### WHAT YOU HAVE TO DO
The lines to extract run from the first line of the material below to the line containing "## EAGLE design Power", both included; leave the pictures behind.

### DATA SHOWN
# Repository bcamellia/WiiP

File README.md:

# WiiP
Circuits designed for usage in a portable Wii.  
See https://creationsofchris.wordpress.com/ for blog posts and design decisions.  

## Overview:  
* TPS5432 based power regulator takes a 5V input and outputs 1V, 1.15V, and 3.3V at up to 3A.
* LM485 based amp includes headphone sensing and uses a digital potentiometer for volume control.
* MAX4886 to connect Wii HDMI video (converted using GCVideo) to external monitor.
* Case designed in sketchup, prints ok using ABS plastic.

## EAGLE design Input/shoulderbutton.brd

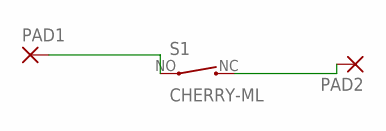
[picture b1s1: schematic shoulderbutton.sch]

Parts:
PAD1, PAD2: 2,15/1,0
S1: CHERRY-ML

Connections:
unnamed: PAD1.1, S1.NO (1)
unnamed: PAD2.1, S1.NC (2)

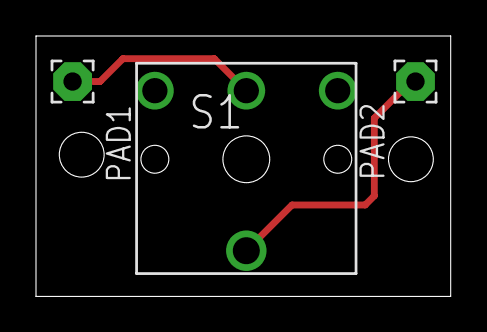
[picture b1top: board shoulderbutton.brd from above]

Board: 2 copper layers, 23.0 x 14.5 mm, 3 parts (0 on the bottom side), 2 nets.

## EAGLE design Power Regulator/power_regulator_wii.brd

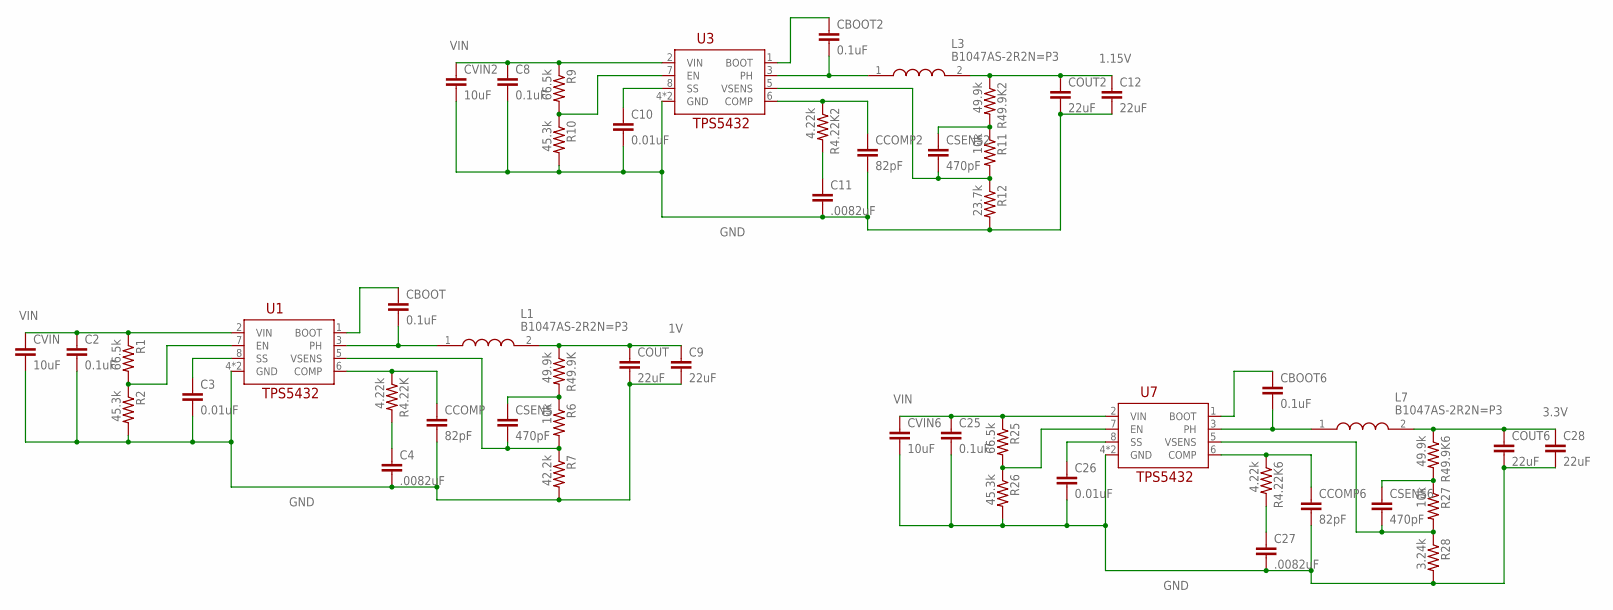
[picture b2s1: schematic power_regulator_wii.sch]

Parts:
C2, C8, C25: 0.1uF; C0603
C3, C10, C26: 0.01uF; C0603
C4, C11, C27: .0082uF; C0603
C9, C12, C28: 22uF; C0603
CBOOT, CBOOT2, CBOOT6: 0.1uF; C0603
CCOMP, CCOMP2, CCOMP6: 82pF; C0603
COUT, COUT2, COUT6: 22uF; C0603
CSENS, CSENS2, CSENS6: 470pF; C0603
CVIN, CVIN2, CVIN6: 10uF; C0603
L1, L3, L7: B1047AS-2R2N=P3; INDPM7474X500N
R1, R9, R25: 66.5k; R0603
R2, R10, R26: 45.3k; R0603
R4.22K, R4.22K2, R4.22K6: 4.22k; R0603
R6, R11, R27: 10k; R0603
R7: 42.2k; R0603
R12: 23.7k; R0603
R28: 3.24k; R0603
R49.9K, R49.9K2, R49.9K6: 49.9k; R0603
U1, U3, U7: TPS5432; SO-8

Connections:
1.15V: C12.1, COUT2.1, L3.2, R49.9K2.1
1V: C9.1, COUT.1, L1.2, R49.9K.1
3.3V: C28.1, COUT6.1, L7.2, R49.9K6.1
BOOT: CBOOT.1, U1.1 (BOOT)
BOOT2: CBOOT2.1, U3.1 (BOOT)
BOOT6: CBOOT6.1, U7.1 (BOOT)
COMP: CCOMP.1, R4.22K.1, U1.6 (COMP)
COMP2: CCOMP2.1, R4.22K2.1, U3.6 (COMP)
COMP6: CCOMP6.1, R4.22K6.1, U7.6 (COMP)
EN: R1.2, R2.1, U1.7 (EN)
EN2: R9.2, R10.1, U3.7 (EN)
EN6: R25.2, R26.1, U7.7 (EN)
GND: C2.2, C3.2, C4.2, C8.2, C9.2, C10.2, C11.2, C12.2, C25.2, C26.2, C27.2, C28.2, CCOMP.2, CCOMP2.2, CCOMP6.2, COUT.2, COUT2.2, COUT6.2, CVIN.2, CVIN2.2, CVIN6.2, R2.2, R7.2, R10.2, R12.2, R26.2, R28.2, U1.4 (GND), U1.PAD (GND), U3.4 (GND), U3.PAD (GND), U7.4 (GND), U7.PAD (GND)
unnamed: C11.1, R4.22K2.2
unnamed: CSENS2.1, R11.1, R49.9K2.2
unnamed: C4.1, R4.22K.2
unnamed: CSENS.1, R6.1, R49.9K.2
unnamed: C27.1, R4.22K6.2
unnamed: CSENS6.1, R27.1, R49.9K6.2
PH: CBOOT.2, L1.1, U1.3 (PH)
PH2: CBOOT2.2, L3.1, U3.3 (PH)
PH6: CBOOT6.2, L7.1, U7.3 (PH)
SS: C3.1, U1.8 (SS)
SS2: C10.1, U3.8 (SS)
SS6: C26.1, U7.8 (SS)
VIN: C2.1, C8.1, C25.1, CVIN.1, CVIN2.1, CVIN6.1, R1.1, R9.1, R25.1, U1.2 (VIN), U3.2 (VIN), U7.2 (VIN)
VSENS: CSENS.2, R6.2, R7.1, U1.5 (VSENS)
VSENS2: CSENS2.2, R11.2, R12.1, U3.5 (VSENS)
VSENS6: CSENS6.2, R27.2, R28.1, U7.5 (VSENS)

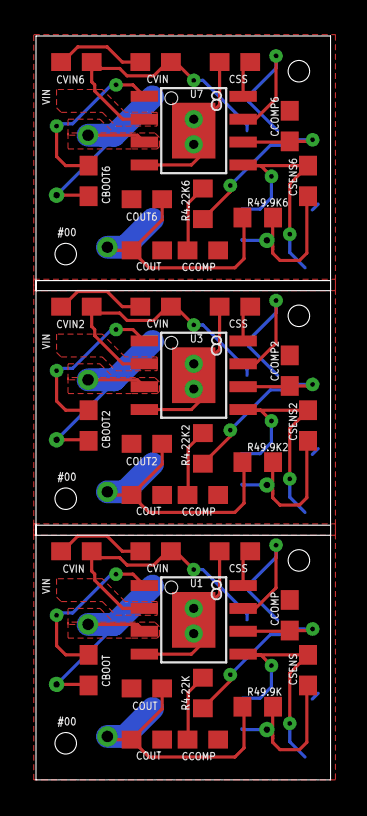
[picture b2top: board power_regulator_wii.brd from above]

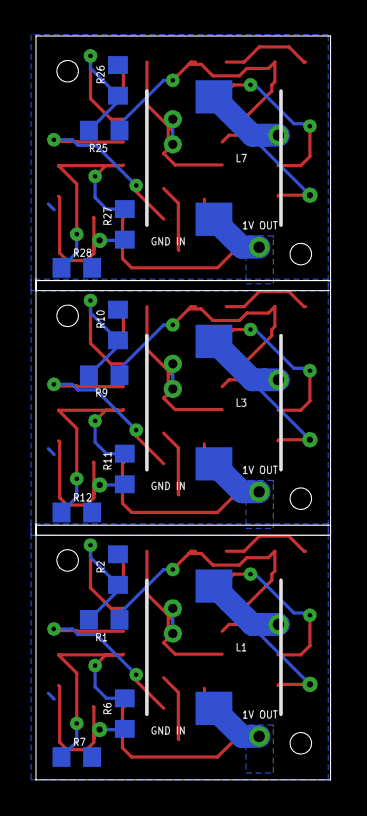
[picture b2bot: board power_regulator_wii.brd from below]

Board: 2 copper layers, 16.4 x 41.3 mm, 51 parts (15 on the bottom side), 29 nets.

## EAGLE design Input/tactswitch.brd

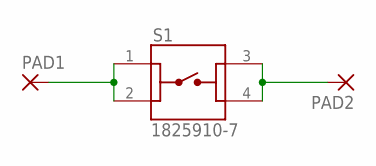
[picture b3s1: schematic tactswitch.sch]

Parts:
PAD1, PAD2: 2,15/1,0
S1: 1825910-7; SW_1825910-7

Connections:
unnamed: PAD1.1, S1.1, S1.2
unnamed: PAD2.1, S1.3, S1.4

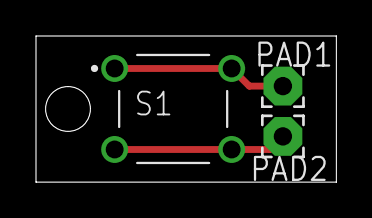
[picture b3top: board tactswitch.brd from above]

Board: 2 copper layers, 16.7 x 8.1 mm, 3 parts (0 on the bottom side), 2 nets.

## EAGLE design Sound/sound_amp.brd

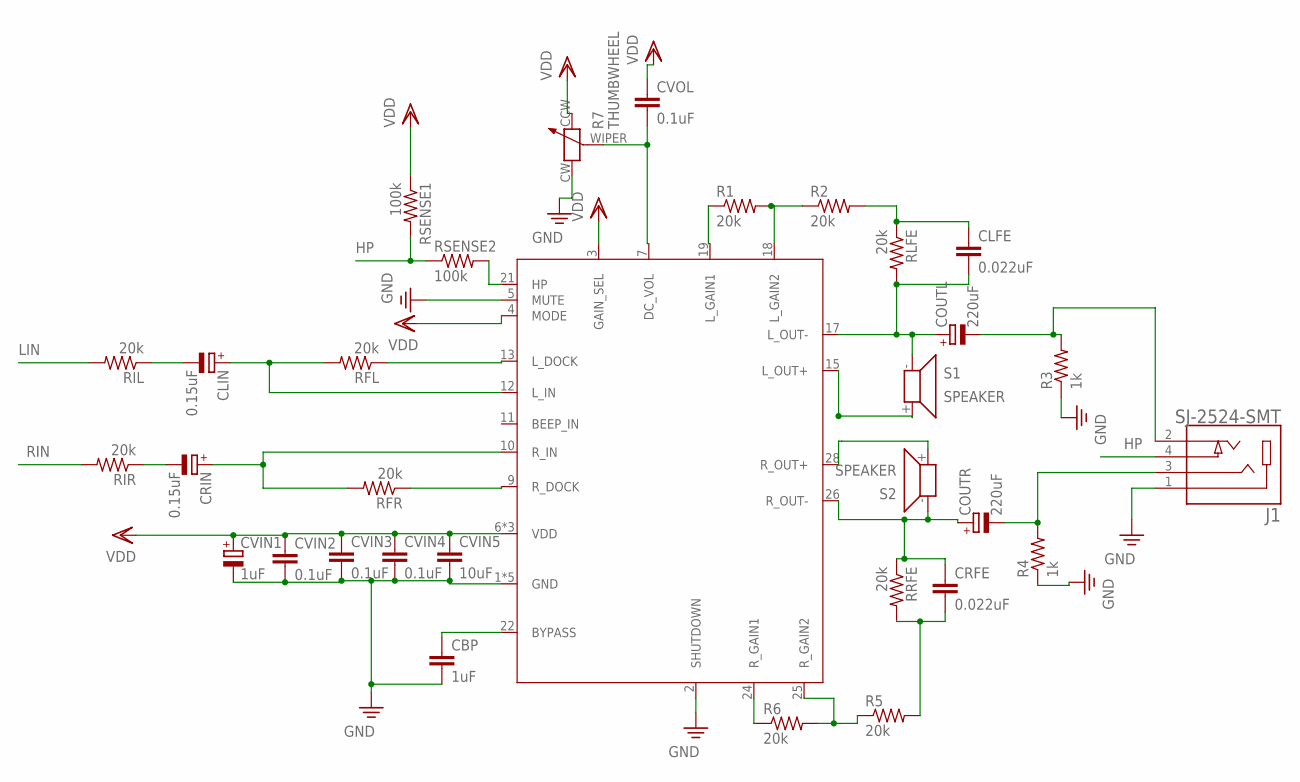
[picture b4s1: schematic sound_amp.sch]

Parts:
CBP: 1uF; C0603
CLFE: 0.022uF; C0603
CLIN: 0.15uF; B45181A
COUTL: 220uF; B45181A
COUTR: 220uF; B45181A
CRFE: 0.022uF; C0603
CRIN: 0.15uF; B45181A
CVIN1: 1uF; B45181A
CVIN2, CVIN3, CVIN4: 0.1uF; C0603
CVIN5: 10uF; C0603
CVOL: 0.1uF; C0603
J1: SJ-2524-SMT; CUI_SJ-2524-SMT
R1, R2, R5, R6: 20k; R0603
R3, R4: 1k; R0603
R7: THUMBWHEEL
RFL: 20k; R0603
RFR: 20k; R0603
RIL: 20k; R0603
RIR: 20k; R0603
RLFE: 20k; R0603
RRFE: 20k; R0603
RSENSE1, RSENSE2: 100k; R0603
S1, S2: SPEAKER; SIGNALOUT
U1: LM4835; TSSOP-28

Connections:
BYPASS: CBP.1, U1.22 (BYPASS)
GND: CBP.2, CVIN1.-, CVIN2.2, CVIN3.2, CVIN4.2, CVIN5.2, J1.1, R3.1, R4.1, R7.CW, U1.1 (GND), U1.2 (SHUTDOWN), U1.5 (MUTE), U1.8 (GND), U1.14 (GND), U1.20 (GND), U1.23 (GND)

### RESPONSE AREA
# Repository bcamellia/WiiP

File README.md:

# WiiP
Circuits designed for usage in a portable Wii.  
See https://creationsofchris.wordpress.com/ for blog posts and design decisions.  

## Overview:  
* TPS5432 based power regulator takes a 5V input and outputs 1V, 1.15V, and 3.3V at up to 3A.
* LM485 based amp includes headphone sensing and uses a digital potentiometer for volume control.
* MAX4886 to connect Wii HDMI video (converted using GCVideo) to external monitor.
* Case designed in sketchup, prints ok using ABS plastic.

## EAGLE design Input/shoulderbutton.brd

[picture b1s1: schematic shoulderbutton.sch]

Parts:
PAD1, PAD2: 2,15/1,0
S1: CHERRY-ML

Connections:
unnamed: PAD1.1, S1.NO (1)
unnamed: PAD2.1, S1.NC (2)

[picture b1top: board shoulderbutton.brd from above]

Board: 2 copper layers, 23.0 x 14.5 mm, 3 parts (0 on the bottom side), 2 nets.

## EAGLE design Power Regulator/power_regulator_wii.brd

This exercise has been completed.